Remove all hydrogens from the protein

remove_ligand(ligand_id)[source]

Remove the specified ligand.

Parameters:

ligand_id – str, of the form chain_id:ligand_id.

remove_metal(atom)[source]

Remove the given metal atom.

remove_metal_bonds(bonds=None)[source]

Removes metal bonds.

Parameters:

bonds – iterable of ccdc.molecule.Bond instances. If None all metal bonds will be removed.

remove_nucleic_acid(nucleic_acid_chain_id)[source]

Remove the chain with the given identifier.

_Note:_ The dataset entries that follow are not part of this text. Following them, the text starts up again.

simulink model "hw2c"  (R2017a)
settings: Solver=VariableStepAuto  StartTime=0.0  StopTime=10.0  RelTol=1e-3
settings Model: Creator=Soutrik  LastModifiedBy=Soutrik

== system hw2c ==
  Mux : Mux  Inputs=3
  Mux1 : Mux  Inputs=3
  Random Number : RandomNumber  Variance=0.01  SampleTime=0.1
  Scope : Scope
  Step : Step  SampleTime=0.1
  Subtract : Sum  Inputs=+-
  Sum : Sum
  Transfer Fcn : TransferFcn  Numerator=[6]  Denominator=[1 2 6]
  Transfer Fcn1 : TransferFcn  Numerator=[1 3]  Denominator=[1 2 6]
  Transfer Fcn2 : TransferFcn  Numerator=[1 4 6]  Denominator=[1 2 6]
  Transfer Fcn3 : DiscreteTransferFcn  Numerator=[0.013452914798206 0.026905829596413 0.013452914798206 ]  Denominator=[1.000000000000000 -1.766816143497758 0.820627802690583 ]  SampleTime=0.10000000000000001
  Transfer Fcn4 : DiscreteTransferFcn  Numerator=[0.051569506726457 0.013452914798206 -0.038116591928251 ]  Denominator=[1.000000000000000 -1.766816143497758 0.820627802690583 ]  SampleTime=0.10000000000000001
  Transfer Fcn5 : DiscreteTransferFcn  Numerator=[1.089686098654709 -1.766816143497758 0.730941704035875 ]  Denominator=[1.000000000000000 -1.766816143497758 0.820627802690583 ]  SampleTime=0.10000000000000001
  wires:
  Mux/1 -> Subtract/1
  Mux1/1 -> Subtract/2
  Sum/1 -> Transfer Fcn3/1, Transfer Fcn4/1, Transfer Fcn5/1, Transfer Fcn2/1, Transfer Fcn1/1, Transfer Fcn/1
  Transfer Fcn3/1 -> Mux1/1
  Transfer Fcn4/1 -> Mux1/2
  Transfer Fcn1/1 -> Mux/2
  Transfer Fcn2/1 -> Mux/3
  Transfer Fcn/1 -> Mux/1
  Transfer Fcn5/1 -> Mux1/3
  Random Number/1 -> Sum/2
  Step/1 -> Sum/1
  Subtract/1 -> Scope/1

remove_nucleotide(nucleotide_id)[source]

Remove the specified nucleotide.

remove_residue(residue_id)[source]

Remove the specified residue.

remove_water(water_mols)[source]

Remove the water (or waters). If water_mols is a list (or tuple) of water objects remove all waters in said list or tuple

property residues

The amino acid residues of the protein.

property sequence

The one-letter code sequence.

sort_atoms_by_residue()[source]

Sorts atoms by residue

After editing, sometimes the underlying atom list in a protein is not sorted by residue so atoms in a single residue are not in a single block of atoms. In particular, adding hydrogens will add new hydrogen atoms to the end of the atom list.

Calling this method will re-order the atoms in the protein so that each residue is in a single atom block in the atom list. This is useful in particular if you are writing PDB files where having residues as single blocks of ATOM lines is desirable.

Note that calling this method will mean that any pre-existing indexes into the atom list will probably be invalidated.

property waters

The waters of the protein.

Returns:

a tuple of ccdc.molecule.Molecule, representing the oxygens of the water.

ccdc.protein.ProteinWriter

Writes a protein as a crystal structure.

This type is an alias of ccdc.io.CrystalWriter. If the file format supports it, certain protein-specific information will be included, such as the _entity and _entity_src_gen tables in mmCIF files, which would not be included when writing with ccdc.io.MoleculeWriter.